First Look Media’s PDF Redact Tools is a great PDF flattening tool. It automates metadata removal by creating an image of each page within a document, and gluing them back together into a brand new PDF. While this is a fabulous tool, here are two downsides: the resulting PDF is usually a lot larger than its original, which might make export and sharing more cumbersome; and it relies upon a library, ImageMagick, with a somewhat buggy history. That said, PDF Redact Tools is incredibly easy to work with, and does an excellent job at metadata removal. If you can install it on a dedicated, sandboxed machine, it makes a great tool to have in your toolkit.
If you’re interested in doing named entity recognition (NER), word frequencies, or just better searching within text, a flattened PDF file will be hard to work with because all the text will now be image-based. Thankfully, tools exist to “read” images into workable text, like Tesseract. You can explode a flattened PDF into individual images of the pages using PDF Redact Tools, then feed the pages into Tesseract to create a text document that can be worked on with any language processing tool. Beware, however, that the optical character recognition is imperfect, and you might have to comb through the resulting text to fix typos. The English dictionary data is installed by default, but other language packs are available. Visit the Tesseract wiki for more information.
If you don’t have Photoshop, you may find use in the GIMP, its open source alternative, which can be used for performing visual redactions to PDFs and other documents.
Audacity is an audio toolkit that allows you to splice audio to your liking. I find it’s the perfect tool for editing interviews that may contain off-the-record statements.
Be aware that these types of edits are non-destructive, meaning that metadata, project history, and original artifacts can be uncovered by forensic analysis. Using GIMP and Audacity is a great way to perform audio and visual redactions, but you should still take care to flatten your media before publishing by “jumping the analog hole” and using Exiftool to verify you’ve done it correctly.
Although there are a number of really great software tools to help understand, manipulate, and scrub metadata, nothing is perfect. As we explored in the previous section, digital forensic specialists might still be able to uncover bits of history from the bytes in any digital artifact. One creative way to be sure that original metadata is inaccessible is to recreate the original through “the analog hole”.
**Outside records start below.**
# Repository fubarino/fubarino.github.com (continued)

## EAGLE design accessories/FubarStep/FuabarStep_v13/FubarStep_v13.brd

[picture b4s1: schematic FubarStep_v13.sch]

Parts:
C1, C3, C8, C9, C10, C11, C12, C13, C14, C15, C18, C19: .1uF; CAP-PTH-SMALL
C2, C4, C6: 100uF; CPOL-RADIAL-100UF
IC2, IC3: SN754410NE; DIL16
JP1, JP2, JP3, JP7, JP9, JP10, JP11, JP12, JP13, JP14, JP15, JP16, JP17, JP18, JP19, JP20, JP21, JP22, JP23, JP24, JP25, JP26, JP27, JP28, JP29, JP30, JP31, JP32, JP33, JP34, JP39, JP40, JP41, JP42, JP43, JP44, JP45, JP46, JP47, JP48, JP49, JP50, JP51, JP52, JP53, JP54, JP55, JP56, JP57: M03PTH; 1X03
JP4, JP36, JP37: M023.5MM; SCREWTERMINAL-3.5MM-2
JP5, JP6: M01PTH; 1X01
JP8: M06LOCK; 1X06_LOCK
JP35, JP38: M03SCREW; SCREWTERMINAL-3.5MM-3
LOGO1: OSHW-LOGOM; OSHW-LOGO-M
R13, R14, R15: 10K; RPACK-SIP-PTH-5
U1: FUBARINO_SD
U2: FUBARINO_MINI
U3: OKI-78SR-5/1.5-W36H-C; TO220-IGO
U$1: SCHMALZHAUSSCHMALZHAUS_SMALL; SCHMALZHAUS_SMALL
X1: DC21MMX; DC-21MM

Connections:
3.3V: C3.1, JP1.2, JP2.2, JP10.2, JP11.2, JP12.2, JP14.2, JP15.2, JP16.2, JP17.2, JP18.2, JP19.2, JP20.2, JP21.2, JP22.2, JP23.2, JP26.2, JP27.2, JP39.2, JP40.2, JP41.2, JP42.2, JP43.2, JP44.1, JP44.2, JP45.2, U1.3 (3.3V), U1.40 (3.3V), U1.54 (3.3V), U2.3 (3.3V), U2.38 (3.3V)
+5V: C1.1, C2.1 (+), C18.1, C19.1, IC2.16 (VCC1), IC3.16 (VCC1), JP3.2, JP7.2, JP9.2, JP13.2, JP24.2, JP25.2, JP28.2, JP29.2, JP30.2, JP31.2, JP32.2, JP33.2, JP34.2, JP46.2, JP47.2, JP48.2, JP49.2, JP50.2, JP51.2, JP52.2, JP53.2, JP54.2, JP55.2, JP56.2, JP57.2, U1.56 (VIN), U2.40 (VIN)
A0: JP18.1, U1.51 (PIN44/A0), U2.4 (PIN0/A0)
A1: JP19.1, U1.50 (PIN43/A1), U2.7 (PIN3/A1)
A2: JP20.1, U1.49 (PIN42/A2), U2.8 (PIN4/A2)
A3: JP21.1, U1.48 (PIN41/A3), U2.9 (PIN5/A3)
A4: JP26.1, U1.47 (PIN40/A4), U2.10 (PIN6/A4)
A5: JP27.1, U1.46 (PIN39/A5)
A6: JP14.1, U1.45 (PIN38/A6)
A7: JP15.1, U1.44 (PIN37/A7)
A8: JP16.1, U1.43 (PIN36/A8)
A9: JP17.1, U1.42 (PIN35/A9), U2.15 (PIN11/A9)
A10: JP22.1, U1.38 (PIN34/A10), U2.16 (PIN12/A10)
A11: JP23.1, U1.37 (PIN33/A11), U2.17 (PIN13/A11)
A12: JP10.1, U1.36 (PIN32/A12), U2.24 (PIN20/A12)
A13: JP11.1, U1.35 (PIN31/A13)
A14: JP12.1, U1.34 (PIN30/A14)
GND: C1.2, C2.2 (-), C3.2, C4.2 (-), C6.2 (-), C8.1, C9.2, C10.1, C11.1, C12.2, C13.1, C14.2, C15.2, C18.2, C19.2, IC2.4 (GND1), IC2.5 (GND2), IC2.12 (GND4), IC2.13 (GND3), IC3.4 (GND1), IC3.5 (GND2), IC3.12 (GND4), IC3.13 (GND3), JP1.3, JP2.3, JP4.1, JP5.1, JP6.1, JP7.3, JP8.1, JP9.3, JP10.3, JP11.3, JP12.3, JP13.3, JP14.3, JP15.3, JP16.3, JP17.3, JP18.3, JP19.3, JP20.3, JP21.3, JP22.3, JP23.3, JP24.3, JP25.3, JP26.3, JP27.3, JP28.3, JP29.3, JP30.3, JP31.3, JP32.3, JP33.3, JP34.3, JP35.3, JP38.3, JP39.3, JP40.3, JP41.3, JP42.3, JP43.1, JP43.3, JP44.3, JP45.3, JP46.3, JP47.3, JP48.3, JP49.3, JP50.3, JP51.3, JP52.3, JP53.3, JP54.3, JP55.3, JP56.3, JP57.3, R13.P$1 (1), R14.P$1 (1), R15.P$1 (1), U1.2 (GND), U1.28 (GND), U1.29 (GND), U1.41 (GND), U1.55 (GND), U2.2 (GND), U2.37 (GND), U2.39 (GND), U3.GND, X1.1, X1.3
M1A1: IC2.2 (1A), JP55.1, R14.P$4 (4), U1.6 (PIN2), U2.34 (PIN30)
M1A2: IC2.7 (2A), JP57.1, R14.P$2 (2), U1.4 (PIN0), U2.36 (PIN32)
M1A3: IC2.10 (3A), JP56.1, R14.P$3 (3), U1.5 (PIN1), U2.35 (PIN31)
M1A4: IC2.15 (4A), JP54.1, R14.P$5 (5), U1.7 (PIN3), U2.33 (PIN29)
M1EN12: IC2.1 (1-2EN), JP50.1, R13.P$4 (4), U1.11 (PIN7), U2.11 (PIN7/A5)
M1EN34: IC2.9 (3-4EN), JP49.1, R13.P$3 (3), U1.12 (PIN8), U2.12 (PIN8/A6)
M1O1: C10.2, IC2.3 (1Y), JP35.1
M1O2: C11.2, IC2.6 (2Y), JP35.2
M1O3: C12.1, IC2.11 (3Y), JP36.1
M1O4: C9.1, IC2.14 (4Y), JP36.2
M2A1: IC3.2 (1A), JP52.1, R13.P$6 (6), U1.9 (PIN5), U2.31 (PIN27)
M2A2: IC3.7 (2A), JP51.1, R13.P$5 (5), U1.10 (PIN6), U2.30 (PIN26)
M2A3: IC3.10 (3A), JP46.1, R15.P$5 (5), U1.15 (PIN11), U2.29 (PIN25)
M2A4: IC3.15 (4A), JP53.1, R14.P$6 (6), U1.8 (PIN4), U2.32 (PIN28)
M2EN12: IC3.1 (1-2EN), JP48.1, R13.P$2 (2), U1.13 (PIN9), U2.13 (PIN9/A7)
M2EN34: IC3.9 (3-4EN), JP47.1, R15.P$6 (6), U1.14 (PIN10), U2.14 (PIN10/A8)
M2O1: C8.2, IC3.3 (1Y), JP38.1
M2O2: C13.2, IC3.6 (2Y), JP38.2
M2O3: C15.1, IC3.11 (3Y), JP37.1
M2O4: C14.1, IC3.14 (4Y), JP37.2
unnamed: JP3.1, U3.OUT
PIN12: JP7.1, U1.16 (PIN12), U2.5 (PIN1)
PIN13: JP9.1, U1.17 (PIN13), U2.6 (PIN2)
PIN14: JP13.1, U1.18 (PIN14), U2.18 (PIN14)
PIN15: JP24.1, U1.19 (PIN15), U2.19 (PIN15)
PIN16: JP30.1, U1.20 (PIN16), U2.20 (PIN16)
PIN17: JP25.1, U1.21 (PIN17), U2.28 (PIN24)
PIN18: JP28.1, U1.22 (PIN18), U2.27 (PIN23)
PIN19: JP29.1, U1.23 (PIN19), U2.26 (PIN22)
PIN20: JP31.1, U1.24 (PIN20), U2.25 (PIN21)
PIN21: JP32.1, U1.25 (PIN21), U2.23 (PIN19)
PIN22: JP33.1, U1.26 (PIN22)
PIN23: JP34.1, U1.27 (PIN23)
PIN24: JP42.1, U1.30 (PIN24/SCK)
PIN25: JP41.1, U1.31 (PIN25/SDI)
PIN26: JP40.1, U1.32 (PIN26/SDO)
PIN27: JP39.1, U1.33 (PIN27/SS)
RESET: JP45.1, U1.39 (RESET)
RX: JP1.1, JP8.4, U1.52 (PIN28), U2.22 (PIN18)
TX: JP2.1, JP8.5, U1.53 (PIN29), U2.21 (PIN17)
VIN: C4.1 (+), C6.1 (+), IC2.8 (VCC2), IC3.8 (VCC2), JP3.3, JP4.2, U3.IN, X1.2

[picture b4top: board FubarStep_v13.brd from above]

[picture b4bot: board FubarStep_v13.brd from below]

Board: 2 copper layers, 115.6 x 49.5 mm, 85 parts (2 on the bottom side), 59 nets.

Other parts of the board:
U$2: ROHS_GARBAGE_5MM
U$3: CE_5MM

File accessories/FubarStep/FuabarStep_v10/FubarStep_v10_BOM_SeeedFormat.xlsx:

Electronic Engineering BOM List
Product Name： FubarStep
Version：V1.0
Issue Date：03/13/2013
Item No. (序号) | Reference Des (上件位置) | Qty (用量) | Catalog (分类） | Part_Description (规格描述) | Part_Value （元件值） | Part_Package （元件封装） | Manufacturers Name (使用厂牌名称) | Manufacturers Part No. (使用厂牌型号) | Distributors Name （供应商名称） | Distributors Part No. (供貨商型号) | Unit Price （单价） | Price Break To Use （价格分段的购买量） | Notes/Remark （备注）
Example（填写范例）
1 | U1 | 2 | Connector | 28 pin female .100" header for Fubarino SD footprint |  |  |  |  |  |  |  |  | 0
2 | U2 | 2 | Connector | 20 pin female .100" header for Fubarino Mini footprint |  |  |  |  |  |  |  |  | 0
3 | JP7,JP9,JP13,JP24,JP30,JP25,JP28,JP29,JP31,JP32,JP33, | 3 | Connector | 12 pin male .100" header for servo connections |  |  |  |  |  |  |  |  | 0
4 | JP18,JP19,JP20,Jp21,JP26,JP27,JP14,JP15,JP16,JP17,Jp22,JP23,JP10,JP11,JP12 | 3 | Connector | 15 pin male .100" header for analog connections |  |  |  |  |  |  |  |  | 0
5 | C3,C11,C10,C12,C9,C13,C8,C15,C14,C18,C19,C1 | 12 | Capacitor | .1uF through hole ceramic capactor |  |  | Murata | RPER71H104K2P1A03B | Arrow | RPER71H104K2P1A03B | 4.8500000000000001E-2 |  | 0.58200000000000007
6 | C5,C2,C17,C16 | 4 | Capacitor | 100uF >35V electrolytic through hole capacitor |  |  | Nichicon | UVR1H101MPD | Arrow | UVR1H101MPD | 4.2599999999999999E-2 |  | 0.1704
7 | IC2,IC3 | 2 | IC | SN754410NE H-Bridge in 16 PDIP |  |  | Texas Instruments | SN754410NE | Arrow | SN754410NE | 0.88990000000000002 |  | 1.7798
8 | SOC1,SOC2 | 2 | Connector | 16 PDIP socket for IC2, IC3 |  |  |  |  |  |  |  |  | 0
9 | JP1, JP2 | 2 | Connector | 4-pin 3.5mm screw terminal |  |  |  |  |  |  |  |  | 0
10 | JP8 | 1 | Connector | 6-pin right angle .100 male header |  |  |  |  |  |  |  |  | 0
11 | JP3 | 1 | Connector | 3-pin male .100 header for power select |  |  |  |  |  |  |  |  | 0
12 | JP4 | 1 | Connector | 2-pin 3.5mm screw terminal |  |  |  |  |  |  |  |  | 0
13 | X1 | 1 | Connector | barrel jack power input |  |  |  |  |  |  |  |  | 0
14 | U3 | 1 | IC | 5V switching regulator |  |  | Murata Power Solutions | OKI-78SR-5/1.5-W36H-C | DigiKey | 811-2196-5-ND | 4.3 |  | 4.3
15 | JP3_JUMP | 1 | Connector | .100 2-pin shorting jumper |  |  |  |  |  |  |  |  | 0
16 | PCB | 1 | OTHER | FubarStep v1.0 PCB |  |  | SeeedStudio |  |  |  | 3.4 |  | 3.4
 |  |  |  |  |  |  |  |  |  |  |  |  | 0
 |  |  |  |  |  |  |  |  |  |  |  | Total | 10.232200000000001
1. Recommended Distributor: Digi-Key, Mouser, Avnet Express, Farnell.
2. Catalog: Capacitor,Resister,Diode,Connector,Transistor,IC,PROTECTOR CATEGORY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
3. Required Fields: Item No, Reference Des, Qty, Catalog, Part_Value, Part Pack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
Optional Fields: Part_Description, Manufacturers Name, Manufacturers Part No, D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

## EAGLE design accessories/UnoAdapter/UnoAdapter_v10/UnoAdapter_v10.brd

Have you ever bought a bootleg movie? (It’s ok, no judgements!) If you have, you might remember that those movies were created by someone sneaking into the theater with their own camcorder, and simply taping the entire movie from their seat. That’s an example of the analog hole; and you can use similar tactics to create unattributable copies of your original media.
|Images||Take a screenshot from your computer and publish that instead.|
|Video||Use the QuickTime tool to capture a movie from your screen as it plays.|
|Audio||Purchase an audio loopback cable, and play an MP3 directly into a digital recorder. Or, purchase a USB adapter to record audio input directly into your computer.|
|Office Documents/PDFs||Copy the text into a new document. Print the replicated document, and re-scan it into your computer.|
Once again, nothing is ever perfect. Even the analog hole might lead to some trouble. For example, a well-known tactic in the intelligence community is to create several, almost identical copies of the same document, each one containing minute typos. That way, if a sensitive document finds itself published in the press, the whistleblower would be identified because the printed document would contain the tell-tale typo. This is a clear example of the myriad ways a source may still be compromised despite the great consideration and care you have taken to protect their digital assets. Please be mindful of this when working with submissions.